Stored data entries:
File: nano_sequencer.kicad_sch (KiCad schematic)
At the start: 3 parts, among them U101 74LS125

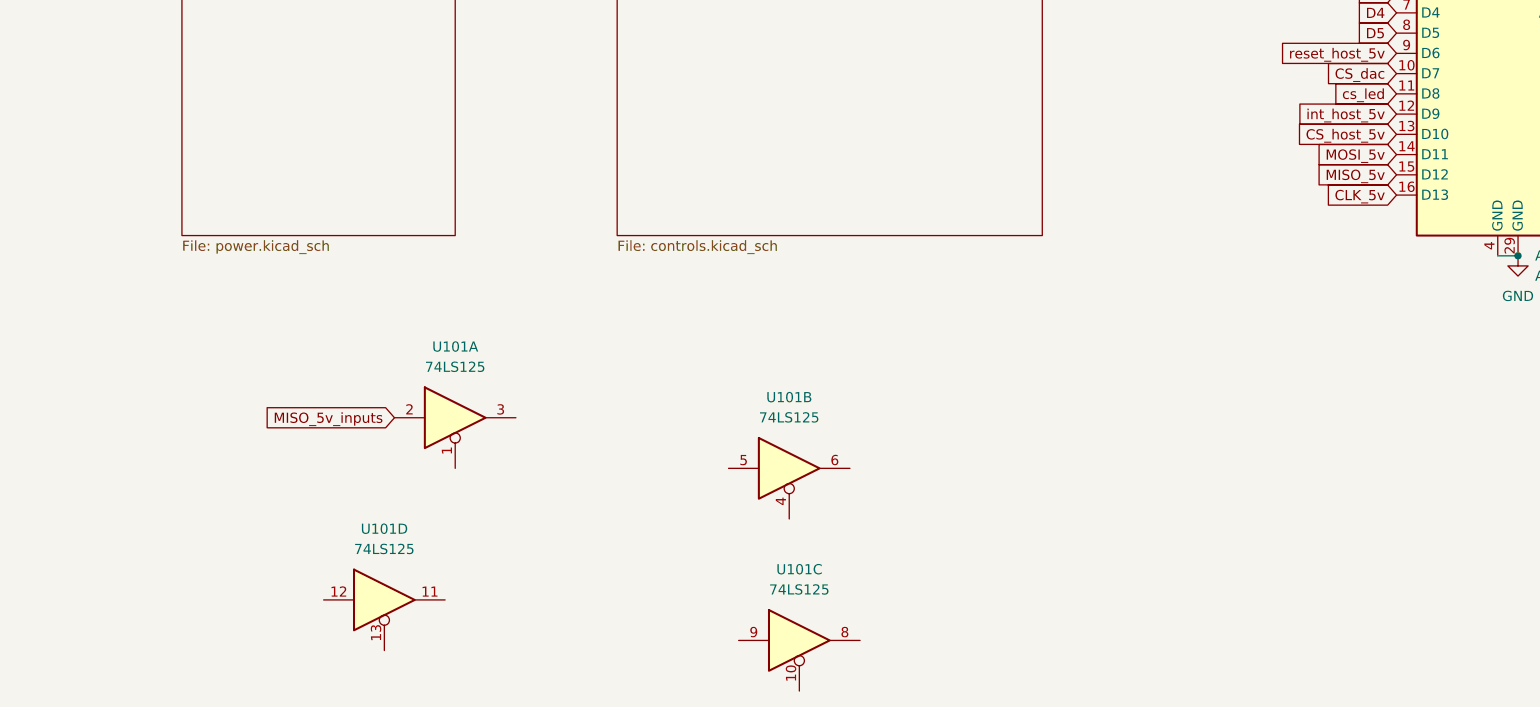
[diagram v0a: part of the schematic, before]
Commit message: schematic done, routed dac ladder
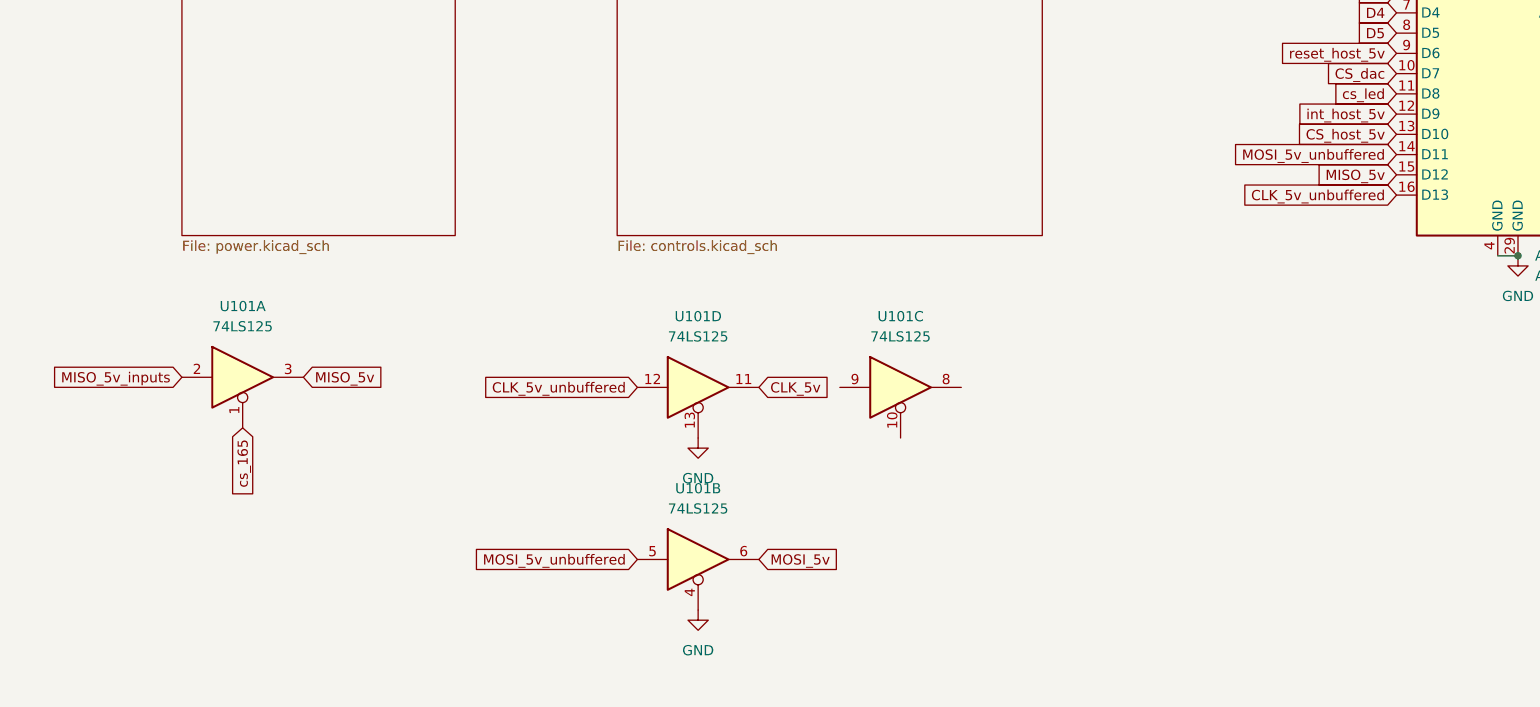
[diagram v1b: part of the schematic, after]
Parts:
- U101: footprint (none) -> Package_SO:SO-14_3.9x8.65mm_P1.27mm
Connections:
- net CLK_5v: now also U101.11; no longer A101.16 (D13)
- net GND: now also U101.13, U101.4
- net MISO_5v: now also U101.3
- net MOSI_5v: now also U101.6; no longer A101.14 (D11)
- net MOSI_5v_unbuffered: now reaches U101.5
- net MOSI_5v_unbuffered: now also A101.14 (D11)
- net CLK_5v_unbuffered: now reaches U101.12
- net CLK_5v_unbuffered: now also A101.16 (D13)
- net cs_165: now reaches U101.1
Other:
- moved on the sheet: U101A, U101B, U101C, U101D

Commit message: added lcsc part numbers and fabrication files
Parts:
- C101: LCSC PN (none) -> C49678
- U101: LCSC PN (none) -> C5598
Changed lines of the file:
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@@
+			)
+		)
+		(property "LCSC PN" ""
+			(at 207.01 118.11 0)
+			(effects
+				(font
+					(size 1.27 1.27)
+				)
 			)
 		)
@@
 			)
 		)
+		(property "LCSC PN" "C5598"
+			(at 106.68 181.61 0)
+			(effects
+				(font
+					(size 1.27 1.27)
+				)
+			)
+		)
 		(pin "14"
 		)
@@
 			)
 		)
+		(property "LCSC PN" "C5598"
+			(at 132.08 160.02 0)
+			(effects
+				(font
+					(size 1.27 1.27)
+				)
+			)
+		)
 		(pin "14"
 		)
@@
 			)
 		)
+		(property "LCSC PN" "C5598"
+			(at 255.27 106.68 0)
+			(effects
+				(font
+					(size 1.27 1.27)
+				)
+			)
+		)
 		(pin "14"
 		)
@@
 			)
 		)
+		(property "LCSC PN" "C5598"
+			(at 106.68 160.02 0)
+			(effects
+				(font
+					(size 1.27 1.27)
+				)
+			)
+		)
 		(pin "14"
 		)
@@
 			)
 		)
+		(property "LCSC PN" "C49678"
+			(at 262.89 93.98 0)
+			(effects
+				(font
+					(size 1.27 1.27)
+				)
+			)
+		)
 		(pin "2"
 		)
@@
 			)
 		)
+		(property "LCSC PN" "C5598"
+			(at 49.53 158.75 0)
+			(effects
+				(font
+					(size 1.27 1.27)
+				)
+			)
+		)

THE TASK »
The reply has to reproduce every line above verbatim and contain no pictures.

RESULT BELOW »
File: nano_sequencer.kicad_sch (KiCad schematic)
At the start: 3 parts, among them U101 74LS125

[diagram v0a: part of the schematic, before]
Commit message: schematic done, routed dac ladder
[diagram v1b: part of the schematic, after]
Parts:
- U101: footprint (none) -> Package_SO:SO-14_3.9x8.65mm_P1.27mm
Connections:
- net CLK_5v: now also U101.11; no longer A101.16 (D13)
- net GND: now also U101.13, U101.4
- net MISO_5v: now also U101.3
- net MOSI_5v: now also U101.6; no longer A101.14 (D11)
- net MOSI_5v_unbuffered: now reaches U101.5
- net MOSI_5v_unbuffered: now also A101.14 (D11)
- net CLK_5v_unbuffered: now reaches U101.12
- net CLK_5v_unbuffered: now also A101.16 (D13)
- net cs_165: now reaches U101.1
Other:
- moved on the sheet: U101A, U101B, U101C, U101D

Commit message: added lcsc part numbers and fabrication files
Parts:
- C101: LCSC PN (none) -> C49678
- U101: LCSC PN (none) -> C5598
Changed lines of the file:
@@
+			)
+		)
+		(property "LCSC PN" ""
+			(at 207.01 118.11 0)
+			(effects
+				(font
+					(size 1.27 1.27)
+				)
 			)
 		)
@@
 			)
 		)
+		(property "LCSC PN" "C5598"
+			(at 106.68 181.61 0)
+			(effects
+				(font
+					(size 1.27 1.27)
+				)
+			)
+		)
 		(pin "14"
 		)
@@
 			)
 		)
+		(property "LCSC PN" "C5598"
+			(at 132.08 160.02 0)
+			(effects
+				(font
+					(size 1.27 1.27)
+				)
+			)
+		)
 		(pin "14"
 		)
@@
 			)
 		)
+		(property "LCSC PN" "C5598"
+			(at 255.27 106.68 0)
+			(effects
+				(font
+					(size 1.27 1.27)
+				)
+			)
+		)
 		(pin "14"
 		)
@@
 			)
 		)
+		(property "LCSC PN" "C5598"
+			(at 106.68 160.02 0)
+			(effects
+				(font
+					(size 1.27 1.27)
+				)
+			)
+		)
 		(pin "14"
 		)
@@
 			)
 		)
+		(property "LCSC PN" "C49678"
+			(at 262.89 93.98 0)
+			(effects
+				(font
+					(size 1.27 1.27)
+				)
+			)
+		)
 		(pin "2"
 		)
@@
 			)
 		)
+		(property "LCSC PN" "C5598"
+			(at 49.53 158.75 0)
+			(effects
+				(font
+					(size 1.27 1.27)
+				)
+			)
+		)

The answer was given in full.